One figure is the expected answer: how many lines in the listing contain "Electromechanical".
================
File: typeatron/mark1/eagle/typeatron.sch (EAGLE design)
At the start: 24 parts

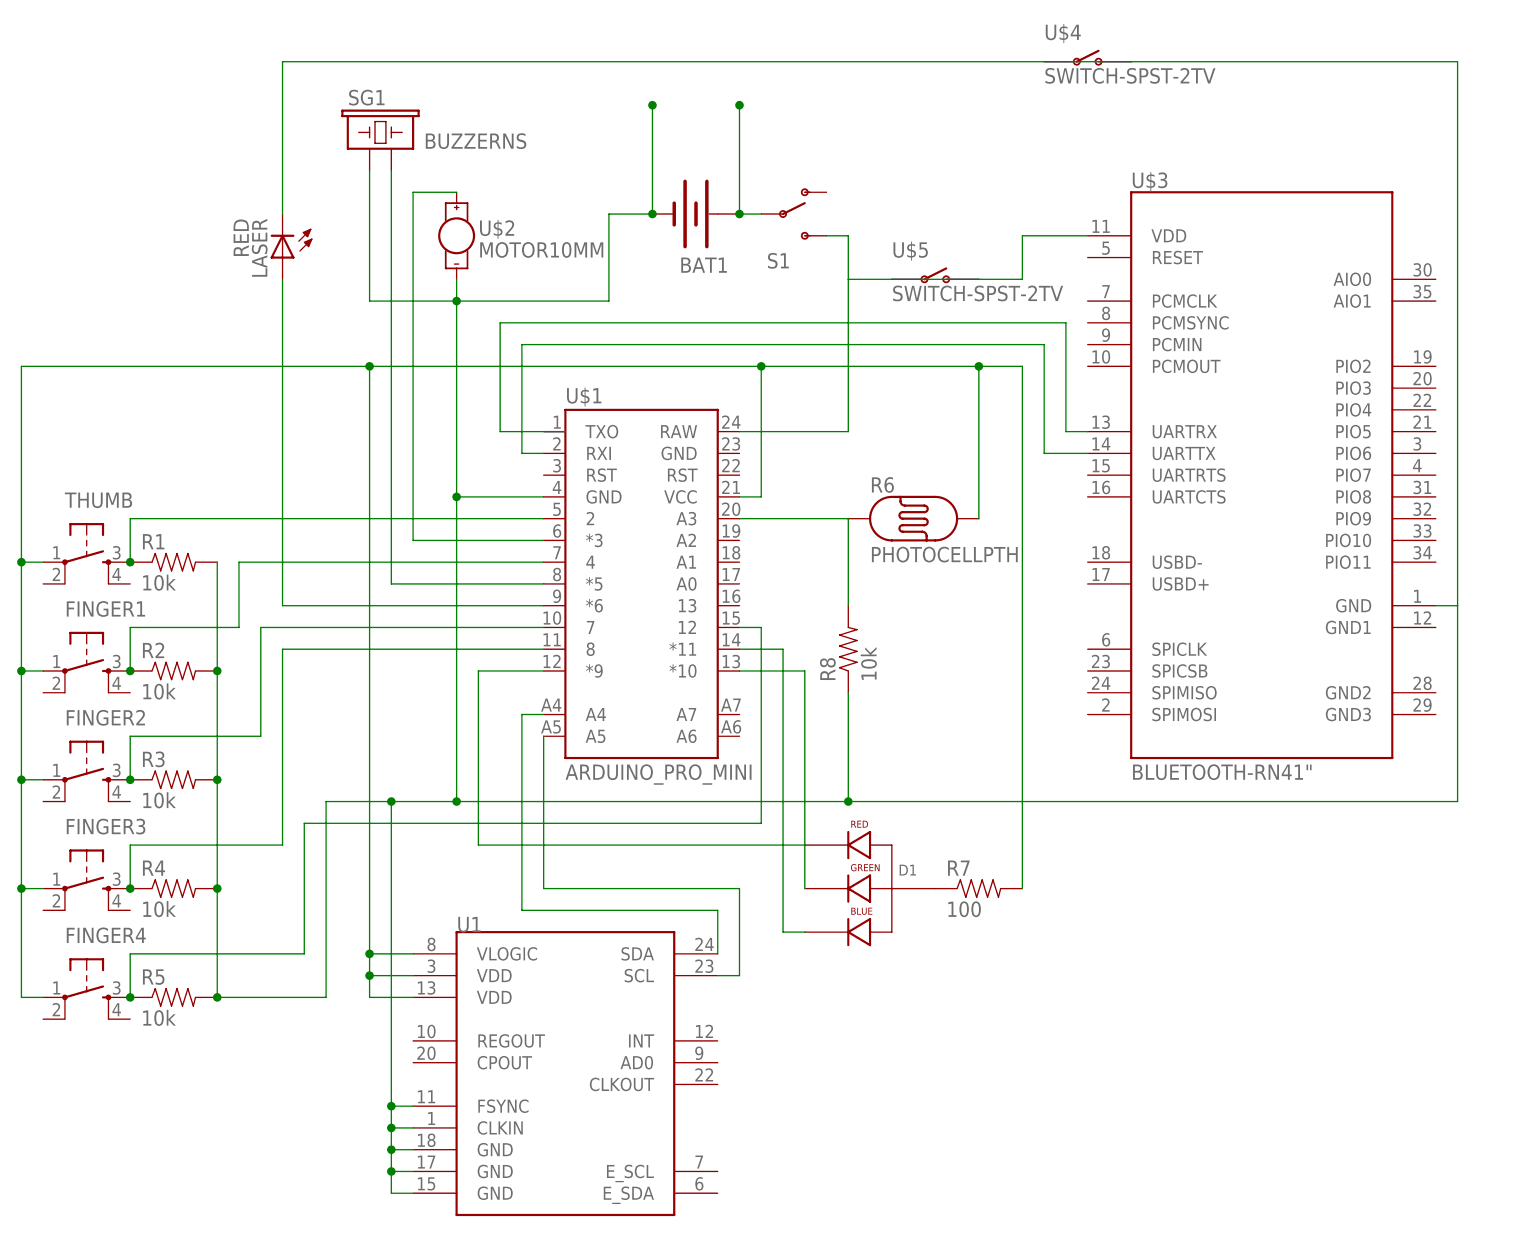
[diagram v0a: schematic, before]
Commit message: Adjusted Typeatron's jumper locations in schematic
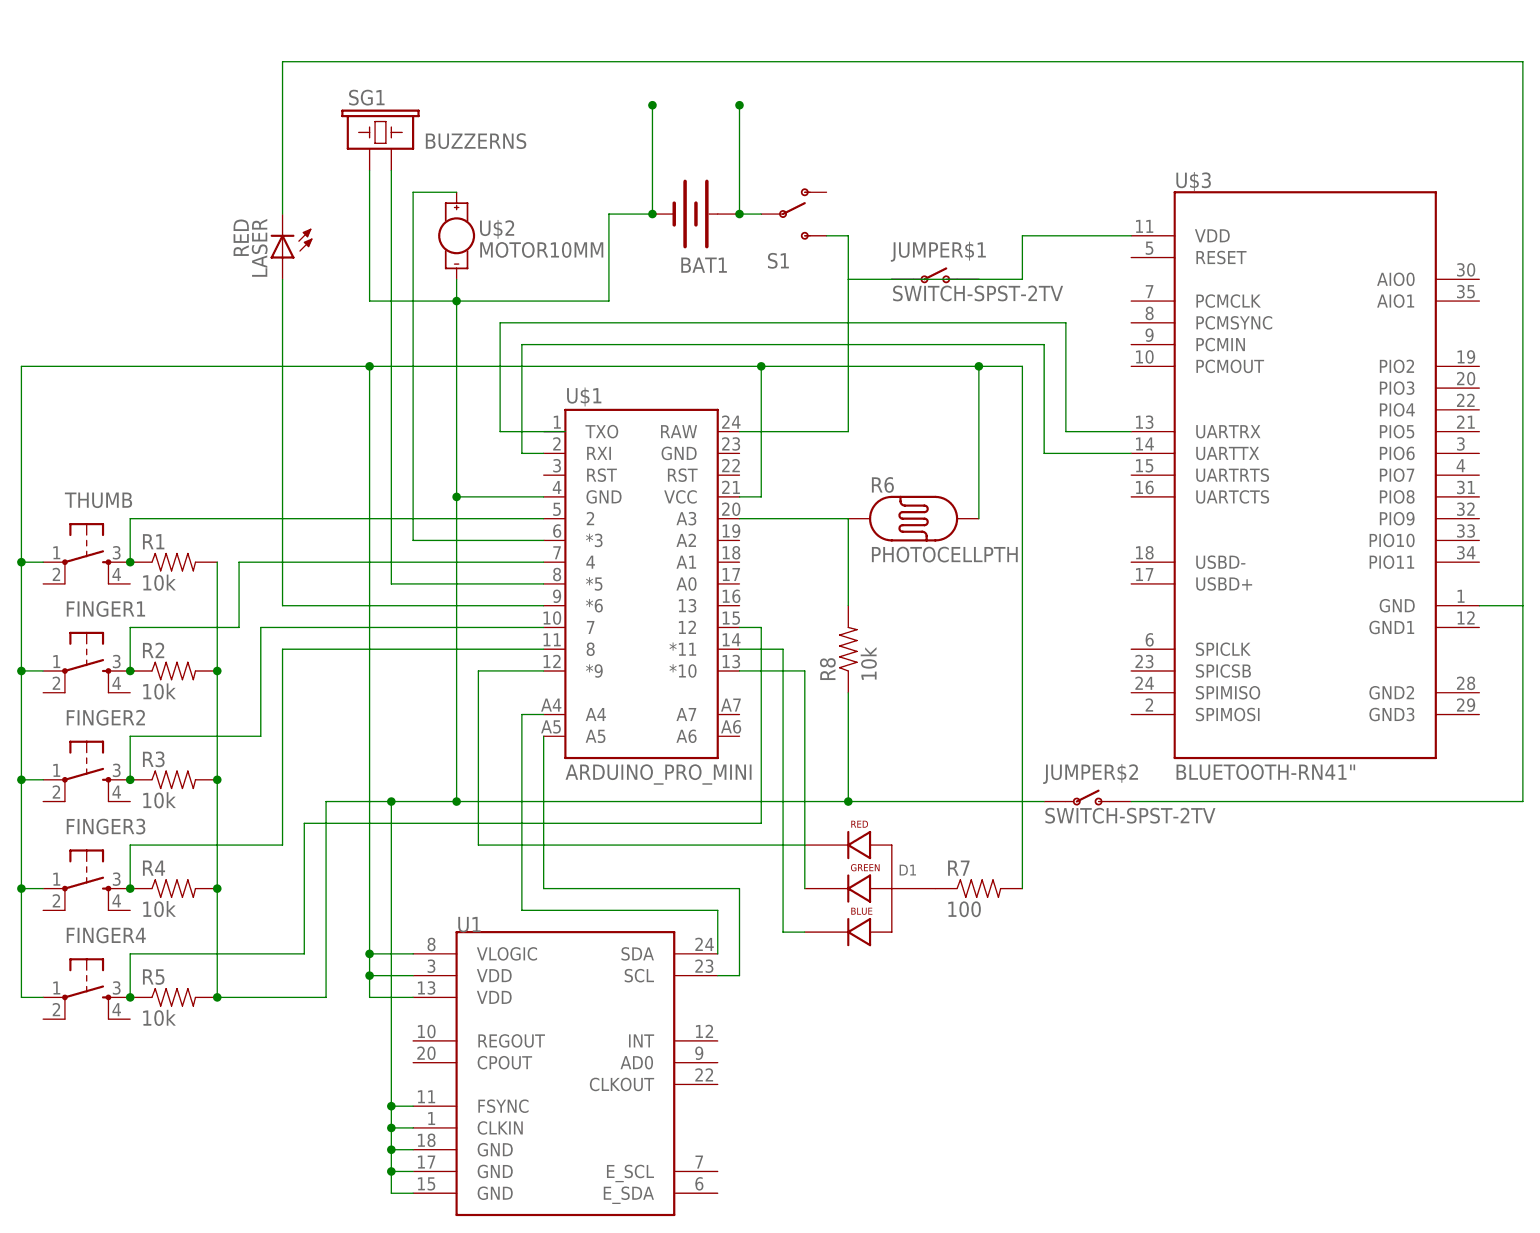
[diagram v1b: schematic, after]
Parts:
- removed U$4: SWITCH-SPST-2TV, SparkFun-Electromechanical:SWITCH-SPST-2TV
- added JUMPER$2: SWITCH-SPST-2TV, SparkFun-Electromechanical:SWITCH-SPST-2TV
- renumbered U$5 to JUMPER$1
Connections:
- new net N$9: JUMPER$2.O, LASER.C, U$3.GND
- net N$3: now also JUMPER$2.P; no longer LASER.C, U$3.GND, U$4.O, U$4.P
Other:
- moved on the sheet: U$3
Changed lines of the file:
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@@
 <part name="R8" library="SparkFun-Resistors" deviceset="10KOHM1/6W5%(PTH)" device="KIT" value="10k"/>
 <part name="LASER" library="SparkFun-LED" deviceset="LED-RED" device="0603" value="RED"/>
-<part name="U$4" library="SparkFun-Electromechanical" deviceset="SWITCH-SPST-2" device="TV"/>
-<part name="U$5" library="SparkFun-Electromechanical" deviceset="SWITCH-SPST-2" device="TV"/>
+<part name="JUMPER$1" library="SparkFun-Electromechanical" deviceset="SWITCH-SPST-2" device="TV"/>
+<part name="JUMPER$2" library="SparkFun-Electromechanical" deviceset="SWITCH-SPST-2" device="TV"/>
 </parts>
 <sheets>
@@
 <instance part="SG1" gate="G$1" x="30.48" y="114.3"/>
 <instance part="U$2" gate="G$1" x="40.64" y="104.14"/>
-<instance part="U$3" gate="G$1" x="134.62" y="76.2"/>
+<instance part="U$3" gate="G$1" x="139.7" y="76.2"/>
 <instance part="BAT1" gate="G$1" x="68.58" y="106.68" rot="R180"/>
 <instance part="R6" gate="G$1" x="93.98" y="71.12"/>
@@
 <instance part="R8" gate="G$1" x="86.36" y="55.88" rot="R90"/>
 <instance part="LASER" gate="G$1" x="20.32" y="101.6" rot="R180"/>
-<instance part="U$4" gate="G$1" x="114.3" y="124.46"/>
-<instance part="U$5" gate="G$1" x="96.52" y="99.06"/>
+<instance part="JUMPER$1" gate="G$1" x="96.52" y="99.06"/>
+<instance part="JUMPER$2" gate="G$1" x="114.3" y="38.1"/>
 </instances>
 <busses>
@@
 <wire x1="83.82" y1="104.14" x2="86.36" y2="104.14" width="0.1524" layer="91"/>
 <wire x1="86.36" y1="104.14" x2="86.36" y2="99.06" width="0.1524" layer="91"/>
-<pinref part="U$5" gate="G$1" pin="O"/>
-<pinref part="U$5" gate="G$1" pin="P"/>
+<pinref part="JUMPER$1" gate="G$1" pin="O"/>
+<pinref part="JUMPER$1" gate="G$1" pin="P"/>
 <wire x1="91.44" y1="99.06" x2="101.6" y2="99.06" width="0.1524" layer="91"/>
 <wire x1="86.36" y1="99.06" x2="91.44" y2="99.06" width="0.1524" layer="91"/>
@@
 <wire x1="106.68" y1="99.06" x2="106.68" y2="104.14" width="0.1524" layer="91"/>
 <pinref part="U$3" gate="G$1" pin="VDD"/>
-<wire x1="106.68" y1="104.14" x2="114.3" y2="104.14" width="0.1524" layer="91"/>
+<wire x1="106.68" y1="104.14" x2="119.38" y2="104.14" width="0.1524" layer="91"/>
 </segment>
 </net>
@@
 <segment>
 <pinref part="U$3" gate="G$1" pin="UARTTX"/>
-<wire x1="114.3" y1="78.74" x2="109.22" y2="78.74" width="0.1524" layer="91"/>
+<wire x1="119.38" y1="78.74" x2="109.22" y2="78.74" width="0.1524" layer="91"/>
 <wire x1="109.22" y1="78.74" x2="109.22" y2="91.44" width="0.1524" layer="91"/>
 <wire x1="109.22" y1="91.44" x2="48.26" y2="91.44" width="0.1524" layer="91"/>
@@
 <segment>
 <pinref part="U$3" gate="G$1" pin="UARTRX"/>
-<wire x1="114.3" y1="81.28" x2="111.76" y2="81.28" width="0.1524" layer="91"/>
+<wire x1="119.38" y1="81.28" x2="111.76" y2="81.28" width="0.1524" layer="91"/>
 <wire x1="111.76" y1="81.28" x2="111.76" y2="93.98" width="0.1524" layer="91"/>
 <wire x1="111.76" y1="93.98" x2="45.72" y2="93.98" width="0.1524" layer="91"/>
@@
 <wire x1="50.8" y1="73.66" x2="40.64" y2="73.66" width="0.1524" layer="91"/>
 <junction x="40.64" y="73.66"/>
-<pinref part="U$3" gate="G$1" pin="GND"/>
-<wire x1="86.36" y1="38.1" x2="157.48" y2="38.1" width="0.1524" layer="91"/>
-<wire x1="157.48" y1="38.1" x2="157.48" y2="60.96" width="0.1524" layer="91"/>
-<wire x1="157.48" y1="60.96" x2="154.94" y2="60.96" width="0.1524" layer="91"/>
-<pinref part="LASER" gate="G$1" pin="C"/>
-<wire x1="20.32" y1="106.68" x2="20.32" y2="124.46" width="0.1524" layer="91"/>
-<wire x1="20.32" y1="124.46" x2="109.22" y2="124.46" width="0.1524" layer="91"/>
-<wire x1="109.22" y1="124.46" x2="119.38" y2="124.46" width="0.1524" layer="91"/>
-<wire x1="119.38" y1="124.46" x2="157.48" y2="124.46" width="0.1524" layer="91"/>
-<wire x1="157.48" y1="124.46" x2="157.48" y2="60.96" width="0.1524" layer="91"/>
-<pinref part="U$4" gate="G$1" pin="P"/>
-<pinref part="U$4" gate="G$1" pin="O"/>
+<wire x1="86.36" y1="38.1" x2="109.22" y2="38.1" width="0.1524" layer="91"/>
+<pinref part="JUMPER$2" gate="G$1" pin="P"/>
 </segment>
 </net>
@@
 </segment>
 </net>
+<net name="N$9" class="0">
+<segment>
+<pinref part="LASER" gate="G$1" pin="C"/>
+<wire x1="20.32" y1="106.68" x2="20.32" y2="124.46" width="0.1524" layer="91"/>
+<wire x1="20.32" y1="124.46" x2="165.1" y2="124.46" width="0.1524" layer="91"/>
+<pinref part="JUMPER$2" gate="G$1" pin="O"/>
+<wire x1="119.38" y1="38.1" x2="165.1" y2="38.1" width="0.1524" layer="91"/>
+<wire x1="165.1" y1="124.46" x2="165.1" y2="60.96" width="0.1524" layer="91"/>
+<pinref part="U$3" gate="G$1" pin="GND"/>
+<wire x1="165.1" y1="60.96" x2="165.1" y2="38.1" width="0.1524" layer="91"/>
+<wire x1="160.02" y1="60.96" x2="165.1" y2="60.96" width="0.1524" layer="91"/>
+</segment>
+</net>
================
# Answer to this task:
6